What’s a good MacBook battery cycle count?

Updated June 2026 · 3 min read

A good MacBook battery cycle count is comfortably below the 1000-cycle rating modern MacBooks carry. Under ~300 is excellent, ~300–700 is normal for daily use over a few years, and nearing 1000 — or any age with low maximum capacity — is when a battery service makes sense. One cycle equals one full 0–100% of discharge, accumulated from many partial charges.

Cycle count is the most-quoted MacBook battery number — and the most misunderstood. Here’s what it means and what’s actually “good.”

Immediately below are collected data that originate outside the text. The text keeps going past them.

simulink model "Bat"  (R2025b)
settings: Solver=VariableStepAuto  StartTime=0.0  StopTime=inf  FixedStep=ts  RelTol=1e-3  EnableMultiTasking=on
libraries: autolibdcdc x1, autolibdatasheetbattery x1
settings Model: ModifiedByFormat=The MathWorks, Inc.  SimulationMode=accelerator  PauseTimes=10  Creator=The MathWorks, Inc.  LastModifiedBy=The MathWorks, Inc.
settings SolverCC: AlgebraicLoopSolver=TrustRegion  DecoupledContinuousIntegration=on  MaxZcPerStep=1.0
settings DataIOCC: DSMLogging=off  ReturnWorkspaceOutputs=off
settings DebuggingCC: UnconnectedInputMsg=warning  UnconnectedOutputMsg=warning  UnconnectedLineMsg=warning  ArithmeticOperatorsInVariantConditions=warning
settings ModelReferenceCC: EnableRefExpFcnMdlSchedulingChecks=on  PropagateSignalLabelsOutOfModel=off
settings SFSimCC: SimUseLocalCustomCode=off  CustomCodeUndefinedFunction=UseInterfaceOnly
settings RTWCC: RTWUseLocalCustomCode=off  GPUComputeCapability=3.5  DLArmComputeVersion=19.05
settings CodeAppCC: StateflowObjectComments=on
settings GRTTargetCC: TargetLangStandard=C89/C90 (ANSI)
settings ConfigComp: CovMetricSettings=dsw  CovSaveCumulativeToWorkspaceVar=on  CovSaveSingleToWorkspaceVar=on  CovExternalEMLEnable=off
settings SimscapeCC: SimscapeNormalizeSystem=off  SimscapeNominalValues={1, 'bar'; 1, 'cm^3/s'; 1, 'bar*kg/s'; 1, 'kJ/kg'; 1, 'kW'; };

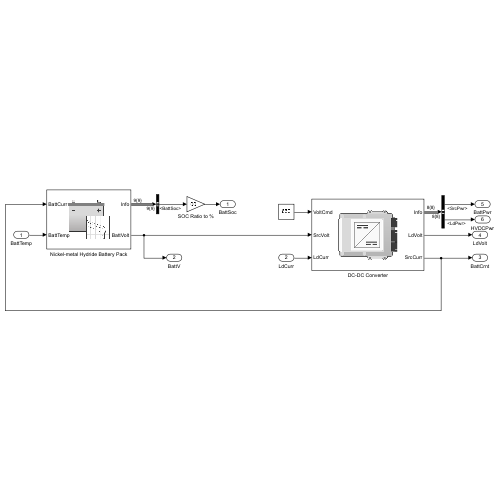
[thumbnail: Simulink's stored preview of the top-level diagram]
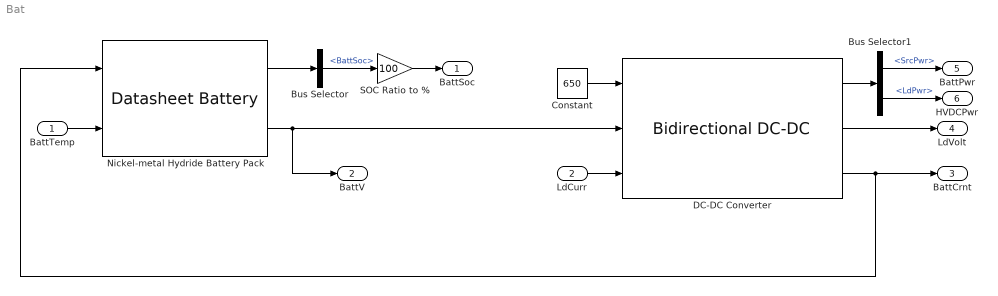
== system Bat ==
  BattTemp : Inport
  LdCurr : Inport  Port=2
  Bus Selector : BusSelector  OutputSignals=BattSoc
  Bus Selector1 : BusSelector  OutputSignals=SrcPwr,LdPwr
  Constant : Constant  Value=650
  DC-DC Converter : autolibdcdc/Bidirectional DC-DC  Tc=1/1000  Vinit=650  Plimit=28e3  param_loss=Single efficiency measurement  eff=98  v_loss_bp=[0 200 400 600 800 1000]  i_loss_bp=[0 25 50 75 100]  losses_table=[100 100 100 100 100;100 150 200 250 300;100 200 300 400 500;100 250 400 550 700;100 300 500 700 900;100 350 600 850 1100]  v_eff_bp=[200 400 600 800 1000]  i_eff_bp=[25 50 75 100]  efficiency_table=[96.2 98.1 98.7 99;98.1 99 99.4 99.5;98.7 99.4 99.6 99.7;99 99.5 99.7 99.8;99.2 99.6 99.7 99.8]  x_v_bp=[-1000 -800 -600 -400 -200 200 400 600 800 1000]  x_i_bp=[-100 -75 -50 -25 25 50 75 100]  x_losses_mat=[200.400801603196 225.67703109328 200.803212851408 201.612903225806 199.999999999997 200 225 200;160.320641282556 180.541624874624 201.005025125625 202.020202020203 200 200 180 160;180.541624874624 180.722891566267 181.086519114686 197.568389057748 194.999999999999 179.999999999997 180 180;201.005025125625 181.086519114686 202.020202020203 193.67991845056 190 200 179.999999999997 200;202.020202020203 197.568389057748 193.67991845056 197.505197505197 190 190 194.999999999999 200;200 194.999999999999 190 190 197.505197505197 193.67991845056 197.568389057748 202.020202020203;200 179.999999999997 200 190 193.67991845056 202.020202020203 181.086519114686 201.005025125625;180 180 179.999999999997 194.999999999999 197.568389057748 181.086519114686 180.722891566267 180.541624874624;160 180 200 200 202.020202020203 201.005025125625 180.541624874624 160.320641282556;200 225 200 199.999999999997 201.612903225806 200.803212851408 225.67703109328 200.400801603196]  RefBlkName='autolibdcdc/Bidirectional DC-DC'  CalLossMapData={'BaseCageProjectFileName','';'BaseMbcProjectFileName','';'TaskName','Calibrate Inverter Loss Map';'ChildTasks',{{'DataName','';'TaskName','Import Loss Data'},{'TaskName','Generate Response Models'},{'TaskName','Generate Calibration'},{'TaskName','Update Block Parameters'}}}
  Nickel-metal Hydride Battery Pack : autolibdatasheetbattery/Datasheet Battery  CapacityCtrl=Parameter  OutputVlt=Filtered  BattChargeMax=6.5  Em=[2.8 3.228 3.284 3.361 3.408 3.427 3.472 3.477 3.493 3.504 3.516 3.528 3.537 3.545 3.555 3.561 3.566 3.576 3.587 3.589 3.594 3.6 3.608 3.61 3.616 3.619 3.626 3.632 3.637 3.64 3.645 3.646 3.652 3.655 3.658 3.661 3.664 3.668 3.673 3.678 3.68 3.681 3.686 3.692 3.699 3.702 3.705 3.71 3.717 3.723 3.728 3.733 3.735 3.742 3.749 3.755 3.761 3.768 3.773 3.78 3.791 3.798 3.798 3.814 3.818 3.825 3.841 3.846 3.855 3.863 3.877 3.885 3.894 3.907 3.919 3.926 3.935 3.944 3.954 3.964 3.974 3.988 3.998 4.014 4.029 4.034 4.047 4.065 4.074 4.086 4.097 4.131 4.126 4.138 4.15 4.18 4.174 4.187 4.207 4.231 4.221]*1.2/4.2  SOCEmBp=[0 0.01 0.02 0.03 0.04 0.05 0.06 0.07 0.08 0.09 0.1 0.11 0.12 0.13 0.14 0.15 0.16 0.17 0.18 0.19 0.2 0.21 0.22 0.23 0.24 0.25 0.26 0.27 0.28 0.29 0.3 0.31 0.32 0.33 0.34 0.35 0.36 0.37 0.38 0.39 0.4 0.41 0.42 0.43 0.44 0.45 0.46 0.47 0.48 0.49 0.5 0.51 0.52 0.53 0.54 0.55 0.56 0.57 0.58 0.59 0.6 0.61 0.62 0.63 0.64 0.65 0.66 0.67 0.68 0.69 0.7 0.71 0.72 0.73 0.74 0.75 0.76 0.77 0.78 0.79 0.8 0.81 0.82 0.83 0.84 0.85 0.86 0.87 0.88 0.89 0.9 0.91 0.92 0.93 0.94 0.95 0.96 0.97 0.98 0.99 1]  RInt="[9.03E-04\t0.00102436\t0.001102155\t0.001157501\t0.001219704\t0.001294037;8.20E-04\t9.46E-04\t0.001004623\t0.001038334\t0.00109789\t0.001176418;7.17E-04\t8.54E-04\t8.82E-04\t8.87E-04\t9.52E-04\t0.001038959;5.80E-04\t7.32E-04\t7.23E-04\t7.03E-04\t7.76E-04\t8.71E-04;4.12E-04\t5.21E-04\t5.13E-04\t5.08E-04\t5.50E-04\t6.38E-04;1.60E-04\t2.05E-04\t1.97E-04\t2.16E-04\t2.10E-04\t2.90E-04;2.94E-04\t3.82E-04\t2.86E-04\t4.39E-04\t4.42E-04\t7.97E-04]"  BattTempBp=[243.1 253.1 263.1 273.1 283.1 298.1 313.1]  SOCRintBp=[0 0.2 0.4 0.6 0.8 1]  Ns=168  Np=1  BattCapInit=6.5*0.6  Tc=1/1000  Vinit=182  RefBlkName='autolibdatasheetbattery/Datasheet Battery'
  SOC Ratio to % : Gain  Gain=100
  BattSoc : Outport  VectorParamsAs1DForOutWhenUnconnected=off
  BattV : Outport  Port=2  VectorParamsAs1DForOutWhenUnconnected=off
  BattCrnt : Outport  Port=3  VectorParamsAs1DForOutWhenUnconnected=off
  LdVolt : Outport  Port=4  VectorParamsAs1DForOutWhenUnconnected=off
  BattPwr : Outport  Port=5  VectorParamsAs1DForOutWhenUnconnected=off
  HVDCPwr : Outport  Port=6  VectorParamsAs1DForOutWhenUnconnected=off
  wires:
  Bus Selector/1 -> SOC Ratio to %/1  "<BattSoc>"
  Nickel-metal Hydride Battery Pack/1 -> Bus Selector/1
  Nickel-metal Hydride Battery Pack/2 -> DC-DC Converter/2, BattV/1
  BattTemp/1 -> Nickel-metal Hydride Battery Pack/2
  DC-DC Converter/3 -> Nickel-metal Hydride Battery Pack/1, BattCrnt/1
  SOC Ratio to %/1 -> BattSoc/1
  Constant/1 -> DC-DC Converter/1
  LdCurr/1 -> DC-DC Converter/3
  DC-DC Converter/1 -> Bus Selector1/1
  DC-DC Converter/2 -> LdVolt/1
  Bus Selector1/1 -> BattPwr/1  "<SrcPwr>"
  Bus Selector1/2 -> HVDCPwr/1  "<LdPwr>"

What a charge cycle really is

One cycle is using 100% of your battery’s capacity — but not necessarily in one go. Use 60% today and 40% tomorrow and that’s one cycle. So cycles accumulate gradually; they’re a measure of how much the battery has been used, not how many times you’ve plugged in.

How many cycles is a MacBook rated for?

Modern MacBooks (2010 and later) are rated for 1000 cycles before the battery is expected to hold ~80% of its original capacity. Some very old models were rated for 300 or 500. You can confirm yours on Apple’s battery-cycle support page.

What’s “good” for your Mac’s age?

  • Under ~300: excellent — barely used.
  • ~300–700: normal for a few years of daily use.
  • Approaching 1000: well-used; keep an eye on capacity.

Roughly, expect 200–400 cycles per year of regular laptop use.

Cycles matter less than capacity

Two batteries at 500 cycles can be in very different shape. Maximum capacityis the number that determines real-world runtime — see how to check your battery health. Low cycles but low capacity often points to heat or charging habits rather than age, which you can improve by limiting charging.

Frequently asked questions

How many cycles before I should replace my MacBook battery?

There’s no hard number — go by capacity. Apple rates modern MacBooks for 1000 cycles at 80% capacity. If you’re near 1000 cycles or below ~80% maximum capacity and runtime bothers you, consider a replacement.

Is 1000 cycles bad?

Not necessarily. 1000 is the point Apple expects ~80% capacity remaining — many batteries still work well past it, just with less runtime.

Does the cycle count reset after a battery replacement?

Yes. A new battery starts at zero cycles. Replacing the battery also resets the maximum-capacity reading.